[16] I conclude that they had already come to Rome because Elagabalus, the son of Soæmias, was given serious consideration in his later claim that he was the son of Bassianus. He was born in 204, and, unless his mother had been in the palace before that date, the claim could not have been made.
[17] It is difficult to imagine Elagabalus beginning his appalling career at such an age, and Gibbon, calculating from the age given to Alexander Severus in the “Historia Augusta” at the time of his death, changes the age to seventeen. But the “Historia Augusta” is very commonly wrong in the ages it ascribes to Emperors at their death. Professor Bury admits that Gibbon is probably wrong, and we may follow Herodian.
[18] Ammianus Marcellinus tells us the one fact, Zosimus the other. Neither mentions her name, but we learn it from coins.
[19] Some writers have conjectured, from the fact that the legend “In Pace” occurs on the coins of Salonina after her death, that she became a Christian. The phrase is not found otherwise except on Christian monuments. Duruy does not admit the inference, and points out that she built a temple to the goddess of the seasons.
[20] Her name is variously given as Vitruvia, Victoria, or Victorina. Since it appears as Vitruvia where the “Augustan History” copies from the Acts of the Senate, and no Roman would corrupt Victoria into Vitruvia, I take it that it was originally Vitruvia, and was Latinized, or changed by her when she became Empress, into Victoria.
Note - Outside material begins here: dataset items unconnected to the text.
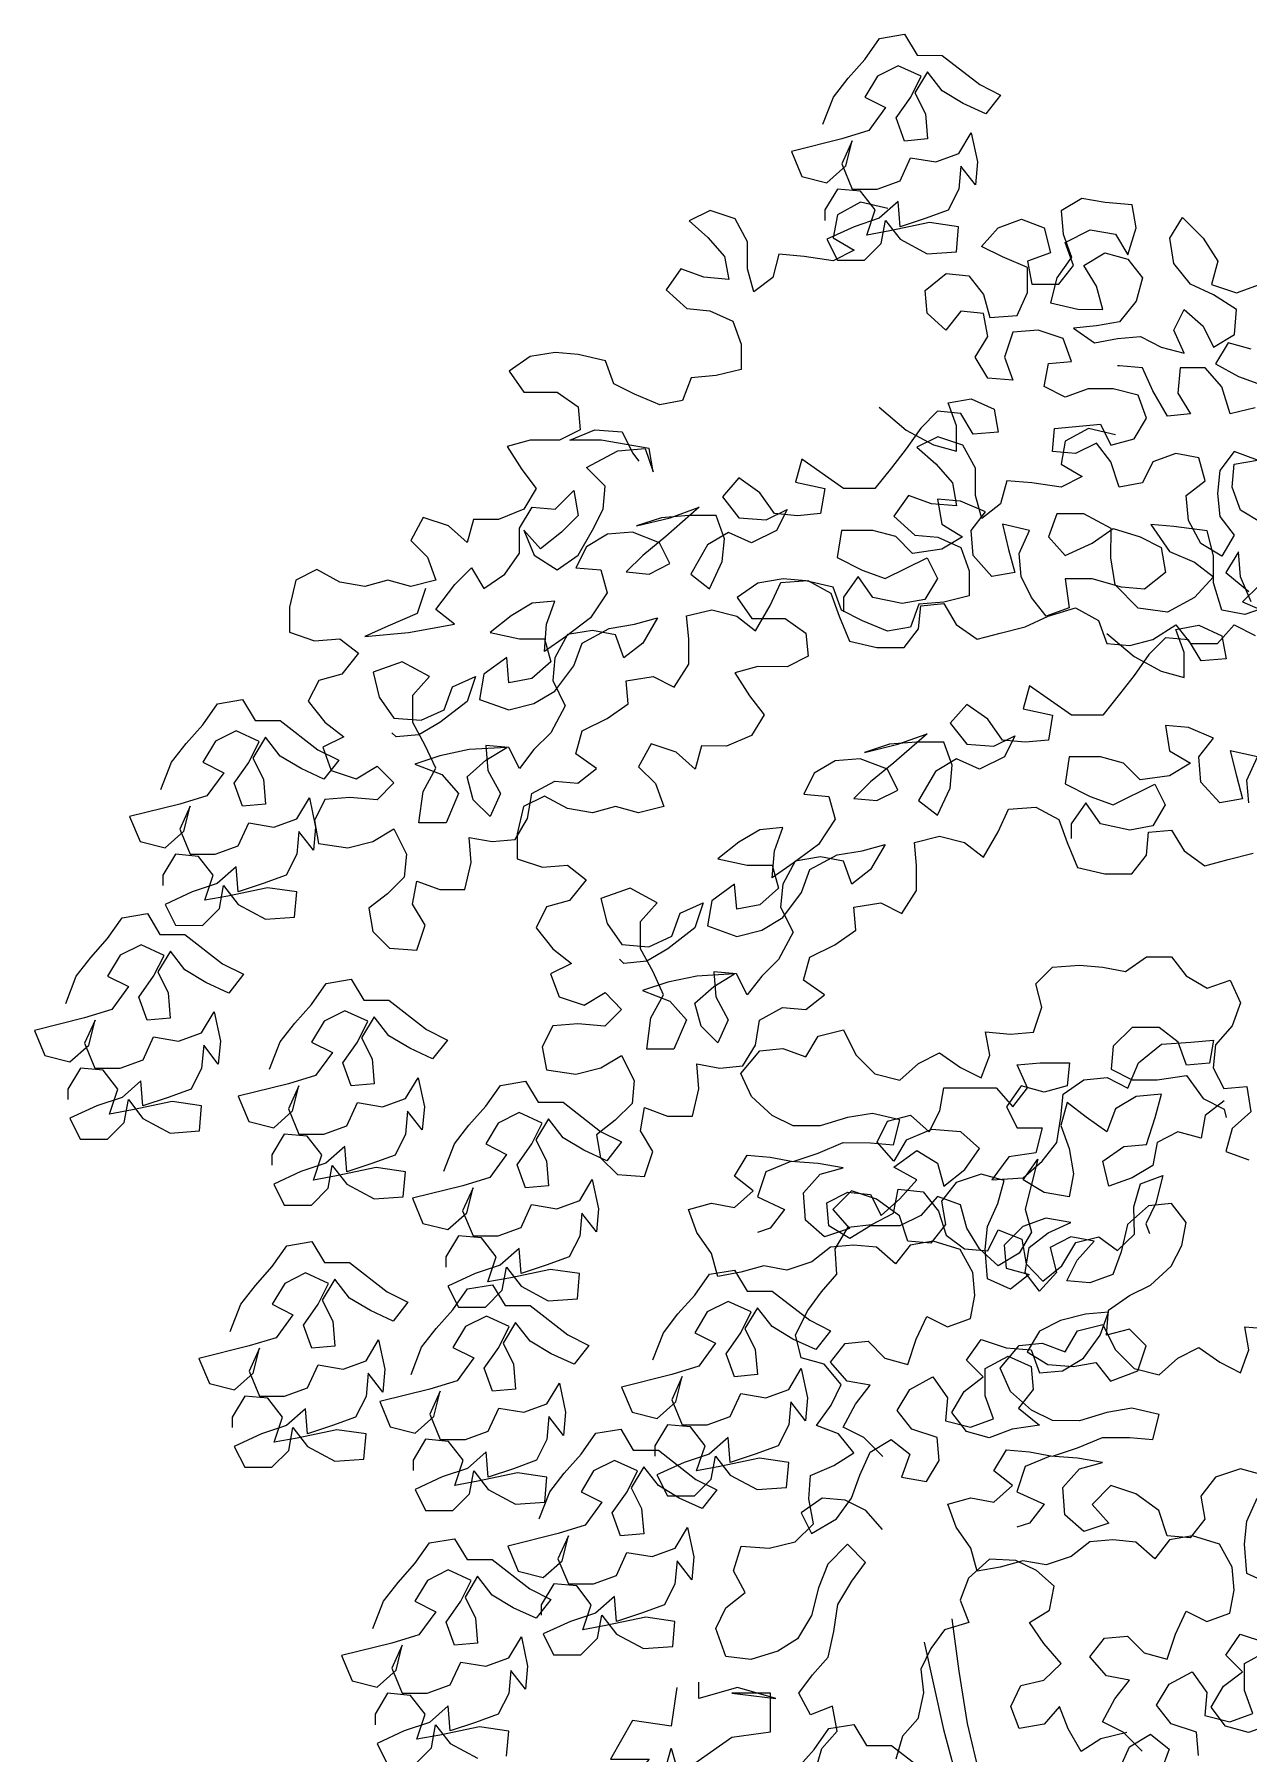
# Model space of a CAD drawing. Extents: x 115 to 1469, y 94 to 338.
# Drawn here: x 188.367 to 190.813, y 248.368 to 251.829 of the extents above; entities that cross this region are included whole.
import ezdxf

# ---------------------------------------------------------------- set-up
doc = ezdxf.new("R2010")
doc.units = 0
doc.layers.get('0').update_dxf_attribs({"linetype": 'CONTINUOUS'})
doc.layers.add('ESQUAD', color=3, linetype='CONTINUOUS')

# ---------------------------------------------------------------- blocks, each defined once
blk = doc.blocks.new('ARV-ELEV4')
for points in [[(-224.4, 3286.1), (-214.1, 3312.8), (-199.7, 3331.4), (-183.2, 3349.9), (-168.7, 3370.5), (-144, 3374.6), (-131.7, 3354), (-107, 3353.9), (-69.9, 3325.1), (-49.4, 3314.8), (-63.8, 3296.2), (-86.4, 3306.5), (-107, 3318.9), (-121.4, 3337.5), (-133.8, 3316.9), (-123.5, 3296.3), (-121.5, 3271.6), (-144.1, 3269.5), (-152.3, 3292.2), (-137.9, 3312.8), (-127.6, 3333.4), (-150.2, 3343.7), (-170.8, 3333.4), (-183.2, 3312.8), (-162.6, 3302.5), (-179.1, 3279.9), (-205.9, 3271.6), (-255.3, 3259.3), (-245.1, 3234.6), (-220.4, 3228.4), (-201.8, 3244.9), (-195.6, 3269.6), (-205.9, 3246.9), (-195.7, 3222.2), (-170.9, 3222.2), (-148.3, 3230.4), (-138, 3253.1), (-113.3, 3248.9), (-90.6, 3257.1), (-78.2, 3277.7), (-72.1, 3248.9), (-74.2, 3226.2), (-88.5, 3244.8), (-90.6, 3222.1), (-100.9, 3201.5), (-123.6, 3193.3), (-148.3, 3185.1), (-150.4, 3209.8), (-168.9, 3193.4), (-193.6, 3185.1), (-220.4, 3172.8), (-210.1, 3152.2), (-183.4, 3152.2), (-166.9, 3168.6), (-162.7, 3191.3), (-148.3, 3172.7), (-121.6, 3158.3), (-92.7, 3160.3), (-90.7, 3185.1), (-119.5, 3189.2), (-158.6, 3181), (-181.3, 3176.9), (-173, 3201.6), (-187.4, 3220.1), (-210.1, 3222.2), (-222.4, 3201.6), (-222.5, 3191.3)], [(-160.6, 3203.1), (-187.4, 3209.3), (-210, 3196.9), (-214.2, 3174.3), (-193.6, 3161.9), (-214.2, 3151.6), (-243, 3155.8), (-267.7, 3157.9), (-273.9, 3135.2), (-292.5, 3120.8), (-298.6, 3143.5), (-298.6, 3170.3), (-310.9, 3192.9), (-335.6, 3201.2), (-356.2, 3190.9), (-337.7, 3174.4), (-321.3, 3155.9), (-317.2, 3133.2), (-341.9, 3135.3), (-364.5, 3143.5), (-379, 3123), (-358.4, 3104.4), (-335.7, 3102.3), (-313.1, 3092), (-304.9, 3069.4), (-304.9, 3044.6), (-329.6, 3038.5), (-354.3, 3036.4), (-362.6, 3013.8), (-385.2, 3009.7), (-409.9, 3020), (-430.5, 3030.3), (-438.7, 3053), (-465.5, 3059.2), (-488.2, 3061.3), (-512.9, 3057.2), (-533.5, 3042.8), (-519.1, 3022.2), (-486.1, 3022.2), (-465.6, 3007.7), (-463.5, 2985.1), (-484.1, 2974.8), (-513, 2974.8), (-535.6, 2968.7), (-521.2, 2946), (-506.8, 2927.4), (-519.2, 2906.9), (-543.9, 2896.6), (-568.6, 2896.6), (-574.8, 2874), (-593.3, 2890.5), (-618.1, 2898.7), (-630.4, 2876.1), (-614, 2859.6), (-605.8, 2836.9), (-630.5, 2830.8), (-653.1, 2837), (-675.8, 2830.8), (-700.5, 2834.9), (-723.1, 2847.3), (-743.7, 2837), (-749.9, 2810.3), (-750, 2785.6), (-725.3, 2777.3), (-700.5, 2779.3), (-682, 2764.9), (-698.5, 2744.3), (-721.2, 2738.2), (-731.5, 2717.6), (-715, 2697), (-696.5, 2682.5), (-717.1, 2672.3), (-708.9, 2649.6), (-684.2, 2641.4), (-663.6, 2653.7), (-647.1, 2637.2), (-663.6, 2620.7), (-690.4, 2622.8), (-715.1, 2620.8), (-725.4, 2600.2), (-721.3, 2577.5), (-692.5, 2573.4), (-667.8, 2579.6), (-647.2, 2591.9), (-634.8, 2567.2), (-636.9, 2544.5), (-653.4, 2528.1), (-671.9, 2513.7), (-667.9, 2491), (-651.4, 2474.5), (-624.6, 2472.4), (-616.4, 2497.1), (-628.7, 2517.7), (-624.6, 2540.4), (-601.9, 2532.1), (-577.2, 2532.1), (-571, 2558.9), (-573, 2583.6), (-550.4, 2579.4), (-527.7, 2581.5), (-515.4, 2602.1), (-511.2, 2626.8), (-488.6, 2639.1), (-465.9, 2637), (-447.4, 2651.4), (-467.9, 2665.9), (-461.7, 2688.5), (-437, 2700.8), (-416.4, 2715.2), (-418.4, 2737.9), (-391.7, 2742), (-371.1, 2731.7), (-356.6, 2754.3), (-356.6, 2779), (-358.7, 2801.7), (-333.9, 2807.8), (-309.2, 2801.6), (-290.7, 2787.2), (-276.3, 2811.9), (-266, 2834.5), (-239.2, 2836.6), (-216.5, 2824.2), (-208.3, 2801.5), (-198.1, 2776.8), (-171.3, 2770.6), (-144.5, 2770.6), (-130.1, 2789.1), (-128, 2811.8), (-105.3, 2813.8), (-93, 2793.2), (-72.4, 2778.8), (-49.8, 2784.9), (-25.1, 2791.1), (-2.4, 2801.4), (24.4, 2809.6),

[21] It has been suggested that the fifteen months of Lactantius may date from their expulsion from the court of Maximin. This is hardly possible. Galerius died in May, 311, and Valeria was still in mourning for him, and pleaded his recent death, when Maximin sought to wed her. Maximin died in April, 313, so that the deaths of Prisca and Valeria cannot have been earlier than the summer of that year.
[22] The Greek original of the “Chronicle” is lost, and Jerome informs us that he has added many details in the Latin version which we now have.
[23] One of the most authoritative works on Roman institutions, Marquardt and Mommsen’s “Handbuch,” says this emphatically: “Ehen, bei welchen der eine Theil der Römischen Bürgerschaft, der Andere den Latinern jüngeren Rechtes oder den Peregrinen angehörte, sind nach Römischen Recht nicht gültig” (vii. 29). Göteke, in a special study of the subject (“Constantinum honeste et ex legitimo matrimonio natum”), says that special edicts made it impossible for an officer to marry in the province in which he served. He believes that the effect of these would not be permanent, but he fails to consider Helena’s disability as a peregrina.
[24] The question may be raised whether St. Augustine had not the case of Constantine in mind when, in his moral treatise “De Bono Conjugali,” he refuses to condemn a man who, having a barren wife, takes a concubine in addition, to provide a family. It is clear, at least, that early Christian opinion was not fixed. Gibbon again improves upon Christian writers by holding that Minervina was an earlier wife, not a concubine, of Constantine; but, as Professor Bury points out, the document on which he relies does not apply to that Emperor.
[25] It is from the confusion of dates that I ascribe the words confidently to Jerome, and not Eusebius The words “ninth year” can only refer to the ninth year of the Cæsarate of Crispus, or 326. The interval of three years has no significance in view of the confusion of dates.